▶ **Assigned task**
Output every line from the beginning of the records through the line that contains "R101, R102, R303: 330R; RESC1608x55N", exactly as it appears.
Records for this task: Begin
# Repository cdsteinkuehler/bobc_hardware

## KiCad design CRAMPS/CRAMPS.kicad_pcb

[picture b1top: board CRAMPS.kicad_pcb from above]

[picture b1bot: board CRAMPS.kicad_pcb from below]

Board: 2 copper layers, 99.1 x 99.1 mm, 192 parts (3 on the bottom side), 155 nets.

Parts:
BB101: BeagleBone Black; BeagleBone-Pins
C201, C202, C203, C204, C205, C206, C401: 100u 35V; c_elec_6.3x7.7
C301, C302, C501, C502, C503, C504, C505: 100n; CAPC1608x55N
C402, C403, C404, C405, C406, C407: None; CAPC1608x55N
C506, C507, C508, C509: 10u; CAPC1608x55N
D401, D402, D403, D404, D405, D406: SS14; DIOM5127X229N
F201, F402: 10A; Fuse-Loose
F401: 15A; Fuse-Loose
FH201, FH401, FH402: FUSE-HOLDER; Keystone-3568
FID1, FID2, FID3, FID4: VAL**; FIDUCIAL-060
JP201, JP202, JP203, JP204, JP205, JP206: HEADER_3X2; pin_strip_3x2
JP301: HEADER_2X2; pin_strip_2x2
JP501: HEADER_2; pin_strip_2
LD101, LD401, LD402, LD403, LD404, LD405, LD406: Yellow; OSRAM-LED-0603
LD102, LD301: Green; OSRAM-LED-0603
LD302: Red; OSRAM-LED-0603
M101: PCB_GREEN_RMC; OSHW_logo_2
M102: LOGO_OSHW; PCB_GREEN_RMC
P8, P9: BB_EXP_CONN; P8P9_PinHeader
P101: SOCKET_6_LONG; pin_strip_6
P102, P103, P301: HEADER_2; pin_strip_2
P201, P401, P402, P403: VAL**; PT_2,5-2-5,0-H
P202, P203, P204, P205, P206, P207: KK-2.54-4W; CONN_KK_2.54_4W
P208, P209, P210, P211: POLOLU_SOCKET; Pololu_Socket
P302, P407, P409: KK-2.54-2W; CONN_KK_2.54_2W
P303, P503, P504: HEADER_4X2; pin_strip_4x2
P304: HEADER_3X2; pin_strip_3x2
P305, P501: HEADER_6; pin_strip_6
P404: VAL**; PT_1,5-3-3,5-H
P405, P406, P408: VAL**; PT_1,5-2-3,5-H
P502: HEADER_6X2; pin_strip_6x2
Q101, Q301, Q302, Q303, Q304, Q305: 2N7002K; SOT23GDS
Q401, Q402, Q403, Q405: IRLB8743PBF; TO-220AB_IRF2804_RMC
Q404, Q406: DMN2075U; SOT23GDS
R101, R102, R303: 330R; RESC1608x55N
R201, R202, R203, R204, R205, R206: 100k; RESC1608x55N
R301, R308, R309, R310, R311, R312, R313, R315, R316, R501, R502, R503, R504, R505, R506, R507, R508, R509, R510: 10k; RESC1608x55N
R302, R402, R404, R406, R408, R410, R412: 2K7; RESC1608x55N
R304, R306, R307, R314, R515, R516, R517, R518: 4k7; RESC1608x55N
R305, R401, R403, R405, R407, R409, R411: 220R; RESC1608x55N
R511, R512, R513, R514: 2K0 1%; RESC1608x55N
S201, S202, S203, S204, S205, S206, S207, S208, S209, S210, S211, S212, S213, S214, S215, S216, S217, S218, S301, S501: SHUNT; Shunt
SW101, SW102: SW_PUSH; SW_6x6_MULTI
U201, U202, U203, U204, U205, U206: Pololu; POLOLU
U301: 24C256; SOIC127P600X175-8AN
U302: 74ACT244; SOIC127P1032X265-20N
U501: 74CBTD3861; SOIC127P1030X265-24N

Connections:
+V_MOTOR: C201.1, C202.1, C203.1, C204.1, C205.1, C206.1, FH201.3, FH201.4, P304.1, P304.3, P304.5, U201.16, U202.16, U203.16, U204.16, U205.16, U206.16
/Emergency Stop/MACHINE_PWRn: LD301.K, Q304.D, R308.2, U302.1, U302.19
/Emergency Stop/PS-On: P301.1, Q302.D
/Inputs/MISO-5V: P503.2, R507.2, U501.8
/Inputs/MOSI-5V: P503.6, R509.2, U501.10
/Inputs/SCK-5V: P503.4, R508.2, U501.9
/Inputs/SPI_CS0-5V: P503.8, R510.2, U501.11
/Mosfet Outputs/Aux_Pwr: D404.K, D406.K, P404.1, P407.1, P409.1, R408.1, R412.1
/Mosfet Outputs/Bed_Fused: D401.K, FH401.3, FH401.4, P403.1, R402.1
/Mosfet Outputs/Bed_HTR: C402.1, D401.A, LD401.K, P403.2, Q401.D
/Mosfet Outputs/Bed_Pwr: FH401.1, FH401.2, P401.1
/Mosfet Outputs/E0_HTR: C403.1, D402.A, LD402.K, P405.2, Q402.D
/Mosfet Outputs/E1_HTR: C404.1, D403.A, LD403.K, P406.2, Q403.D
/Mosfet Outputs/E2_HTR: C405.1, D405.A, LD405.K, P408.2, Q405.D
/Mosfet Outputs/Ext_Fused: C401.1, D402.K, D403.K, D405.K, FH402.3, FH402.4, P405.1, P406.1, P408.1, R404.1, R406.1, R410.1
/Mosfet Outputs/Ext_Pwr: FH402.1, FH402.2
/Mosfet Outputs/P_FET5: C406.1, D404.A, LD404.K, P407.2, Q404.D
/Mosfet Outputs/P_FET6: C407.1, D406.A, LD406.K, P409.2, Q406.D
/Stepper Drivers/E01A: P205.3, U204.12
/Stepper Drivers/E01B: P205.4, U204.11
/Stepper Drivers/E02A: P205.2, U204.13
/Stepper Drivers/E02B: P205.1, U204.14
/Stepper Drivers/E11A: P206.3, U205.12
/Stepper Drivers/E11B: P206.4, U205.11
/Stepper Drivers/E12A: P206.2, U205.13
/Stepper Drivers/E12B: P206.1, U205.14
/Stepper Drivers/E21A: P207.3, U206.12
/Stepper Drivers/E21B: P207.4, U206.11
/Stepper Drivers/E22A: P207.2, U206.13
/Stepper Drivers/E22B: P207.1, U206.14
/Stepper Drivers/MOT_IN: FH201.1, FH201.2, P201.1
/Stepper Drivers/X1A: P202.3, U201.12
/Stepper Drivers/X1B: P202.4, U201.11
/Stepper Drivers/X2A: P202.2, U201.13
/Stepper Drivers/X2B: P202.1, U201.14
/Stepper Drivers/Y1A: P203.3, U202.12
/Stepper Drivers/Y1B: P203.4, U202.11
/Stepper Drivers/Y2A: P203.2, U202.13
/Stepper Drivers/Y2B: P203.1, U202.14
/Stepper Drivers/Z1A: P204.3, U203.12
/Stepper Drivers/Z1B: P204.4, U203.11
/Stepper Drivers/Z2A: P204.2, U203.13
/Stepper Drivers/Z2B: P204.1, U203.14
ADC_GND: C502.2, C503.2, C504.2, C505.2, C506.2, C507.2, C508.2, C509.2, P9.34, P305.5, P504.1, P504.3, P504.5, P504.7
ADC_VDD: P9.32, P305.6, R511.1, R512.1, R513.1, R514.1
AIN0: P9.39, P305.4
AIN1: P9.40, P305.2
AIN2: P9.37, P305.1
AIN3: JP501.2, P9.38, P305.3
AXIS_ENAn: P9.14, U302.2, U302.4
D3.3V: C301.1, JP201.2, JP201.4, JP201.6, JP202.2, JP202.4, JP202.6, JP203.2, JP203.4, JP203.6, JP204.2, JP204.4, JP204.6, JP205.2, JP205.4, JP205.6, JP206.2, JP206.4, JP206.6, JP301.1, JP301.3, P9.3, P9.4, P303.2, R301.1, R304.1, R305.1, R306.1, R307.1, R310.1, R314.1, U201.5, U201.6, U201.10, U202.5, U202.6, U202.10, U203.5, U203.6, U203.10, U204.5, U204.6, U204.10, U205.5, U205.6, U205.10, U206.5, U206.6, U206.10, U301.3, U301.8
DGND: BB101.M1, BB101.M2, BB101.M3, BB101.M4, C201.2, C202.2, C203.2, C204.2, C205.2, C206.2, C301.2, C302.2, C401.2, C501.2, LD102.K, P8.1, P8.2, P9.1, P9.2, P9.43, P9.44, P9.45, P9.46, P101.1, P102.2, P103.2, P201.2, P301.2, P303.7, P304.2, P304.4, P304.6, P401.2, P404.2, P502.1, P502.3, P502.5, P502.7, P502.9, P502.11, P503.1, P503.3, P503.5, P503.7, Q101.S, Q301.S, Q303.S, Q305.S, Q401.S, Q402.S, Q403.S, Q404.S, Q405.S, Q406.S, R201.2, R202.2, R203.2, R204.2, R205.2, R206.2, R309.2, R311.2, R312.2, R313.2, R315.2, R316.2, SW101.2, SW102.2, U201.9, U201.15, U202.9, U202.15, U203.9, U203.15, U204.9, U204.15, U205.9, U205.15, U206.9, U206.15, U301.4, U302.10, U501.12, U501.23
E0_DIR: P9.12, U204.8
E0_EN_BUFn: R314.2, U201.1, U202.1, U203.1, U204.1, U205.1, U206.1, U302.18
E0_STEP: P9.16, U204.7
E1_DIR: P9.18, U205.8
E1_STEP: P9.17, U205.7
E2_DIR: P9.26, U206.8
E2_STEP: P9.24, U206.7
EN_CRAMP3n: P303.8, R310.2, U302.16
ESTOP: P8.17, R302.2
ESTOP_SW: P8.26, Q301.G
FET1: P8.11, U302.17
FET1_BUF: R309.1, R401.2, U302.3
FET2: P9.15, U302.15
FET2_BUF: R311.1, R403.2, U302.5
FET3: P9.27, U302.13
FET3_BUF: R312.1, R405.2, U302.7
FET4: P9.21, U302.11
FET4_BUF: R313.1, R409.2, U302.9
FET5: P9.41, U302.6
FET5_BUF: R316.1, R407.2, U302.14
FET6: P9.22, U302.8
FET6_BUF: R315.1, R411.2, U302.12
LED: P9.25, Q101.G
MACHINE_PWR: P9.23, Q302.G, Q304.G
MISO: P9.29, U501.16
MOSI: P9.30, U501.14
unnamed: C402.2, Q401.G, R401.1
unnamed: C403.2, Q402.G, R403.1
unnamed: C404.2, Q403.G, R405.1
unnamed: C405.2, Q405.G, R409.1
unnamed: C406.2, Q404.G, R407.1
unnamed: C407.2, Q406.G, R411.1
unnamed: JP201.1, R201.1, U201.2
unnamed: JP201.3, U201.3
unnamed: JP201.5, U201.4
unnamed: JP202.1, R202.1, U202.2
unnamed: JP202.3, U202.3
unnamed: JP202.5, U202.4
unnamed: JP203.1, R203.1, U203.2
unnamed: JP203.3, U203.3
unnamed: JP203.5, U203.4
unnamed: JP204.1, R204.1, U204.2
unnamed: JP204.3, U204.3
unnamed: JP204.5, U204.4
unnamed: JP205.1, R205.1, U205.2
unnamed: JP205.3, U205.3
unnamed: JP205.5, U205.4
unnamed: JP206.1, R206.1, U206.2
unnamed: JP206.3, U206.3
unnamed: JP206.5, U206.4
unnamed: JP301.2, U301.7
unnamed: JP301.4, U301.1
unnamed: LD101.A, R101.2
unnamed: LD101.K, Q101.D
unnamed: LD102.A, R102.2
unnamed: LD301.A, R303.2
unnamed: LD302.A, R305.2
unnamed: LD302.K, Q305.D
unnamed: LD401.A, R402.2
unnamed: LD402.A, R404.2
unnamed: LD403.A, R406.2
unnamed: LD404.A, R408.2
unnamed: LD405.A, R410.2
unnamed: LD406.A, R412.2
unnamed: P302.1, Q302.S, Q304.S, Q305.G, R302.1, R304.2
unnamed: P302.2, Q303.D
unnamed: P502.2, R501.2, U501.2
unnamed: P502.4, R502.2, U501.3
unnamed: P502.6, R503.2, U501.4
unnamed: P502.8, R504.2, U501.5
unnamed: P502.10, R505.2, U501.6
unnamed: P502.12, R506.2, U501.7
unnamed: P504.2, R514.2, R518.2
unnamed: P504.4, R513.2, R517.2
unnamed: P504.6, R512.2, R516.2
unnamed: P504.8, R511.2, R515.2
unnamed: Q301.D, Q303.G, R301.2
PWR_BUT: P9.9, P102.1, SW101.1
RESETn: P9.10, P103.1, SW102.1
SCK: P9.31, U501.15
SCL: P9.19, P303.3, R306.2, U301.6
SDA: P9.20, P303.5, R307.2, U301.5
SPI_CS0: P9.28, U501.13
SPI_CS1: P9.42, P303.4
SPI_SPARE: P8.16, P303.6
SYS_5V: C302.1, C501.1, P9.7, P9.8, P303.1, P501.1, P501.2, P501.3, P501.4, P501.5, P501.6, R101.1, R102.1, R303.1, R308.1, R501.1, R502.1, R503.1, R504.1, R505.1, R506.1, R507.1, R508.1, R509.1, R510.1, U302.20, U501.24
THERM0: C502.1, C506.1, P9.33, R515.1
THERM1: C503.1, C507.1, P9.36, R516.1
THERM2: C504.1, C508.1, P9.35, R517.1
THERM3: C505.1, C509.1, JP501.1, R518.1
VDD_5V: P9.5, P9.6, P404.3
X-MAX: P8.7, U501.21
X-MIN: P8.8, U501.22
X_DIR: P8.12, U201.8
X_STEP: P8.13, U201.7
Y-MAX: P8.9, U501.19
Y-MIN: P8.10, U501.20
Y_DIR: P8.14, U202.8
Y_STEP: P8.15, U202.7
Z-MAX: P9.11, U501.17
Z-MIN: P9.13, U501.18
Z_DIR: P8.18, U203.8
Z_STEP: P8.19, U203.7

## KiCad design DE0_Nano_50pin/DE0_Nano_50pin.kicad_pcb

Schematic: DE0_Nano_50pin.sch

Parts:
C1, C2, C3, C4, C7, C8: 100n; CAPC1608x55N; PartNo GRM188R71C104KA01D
Records for this task: End
▶ **Solved problem**
# Repository cdsteinkuehler/bobc_hardware

## KiCad design CRAMPS/CRAMPS.kicad_pcb

[picture b1top: board CRAMPS.kicad_pcb from above]

[picture b1bot: board CRAMPS.kicad_pcb from below]

Board: 2 copper layers, 99.1 x 99.1 mm, 192 parts (3 on the bottom side), 155 nets.

Parts:
BB101: BeagleBone Black; BeagleBone-Pins
C201, C202, C203, C204, C205, C206, C401: 100u 35V; c_elec_6.3x7.7
C301, C302, C501, C502, C503, C504, C505: 100n; CAPC1608x55N
C402, C403, C404, C405, C406, C407: None; CAPC1608x55N
C506, C507, C508, C509: 10u; CAPC1608x55N
D401, D402, D403, D404, D405, D406: SS14; DIOM5127X229N
F201, F402: 10A; Fuse-Loose
F401: 15A; Fuse-Loose
FH201, FH401, FH402: FUSE-HOLDER; Keystone-3568
FID1, FID2, FID3, FID4: VAL**; FIDUCIAL-060
JP201, JP202, JP203, JP204, JP205, JP206: HEADER_3X2; pin_strip_3x2
JP301: HEADER_2X2; pin_strip_2x2
JP501: HEADER_2; pin_strip_2
LD101, LD401, LD402, LD403, LD404, LD405, LD406: Yellow; OSRAM-LED-0603
LD102, LD301: Green; OSRAM-LED-0603
LD302: Red; OSRAM-LED-0603
M101: PCB_GREEN_RMC; OSHW_logo_2
M102: LOGO_OSHW; PCB_GREEN_RMC
P8, P9: BB_EXP_CONN; P8P9_PinHeader
P101: SOCKET_6_LONG; pin_strip_6
P102, P103, P301: HEADER_2; pin_strip_2
P201, P401, P402, P403: VAL**; PT_2,5-2-5,0-H
P202, P203, P204, P205, P206, P207: KK-2.54-4W; CONN_KK_2.54_4W
P208, P209, P210, P211: POLOLU_SOCKET; Pololu_Socket
P302, P407, P409: KK-2.54-2W; CONN_KK_2.54_2W
P303, P503, P504: HEADER_4X2; pin_strip_4x2
P304: HEADER_3X2; pin_strip_3x2
P305, P501: HEADER_6; pin_strip_6
P404: VAL**; PT_1,5-3-3,5-H
P405, P406, P408: VAL**; PT_1,5-2-3,5-H
P502: HEADER_6X2; pin_strip_6x2
Q101, Q301, Q302, Q303, Q304, Q305: 2N7002K; SOT23GDS
Q401, Q402, Q403, Q405: IRLB8743PBF; TO-220AB_IRF2804_RMC
Q404, Q406: DMN2075U; SOT23GDS
R101, R102, R303: 330R; RESC1608x55N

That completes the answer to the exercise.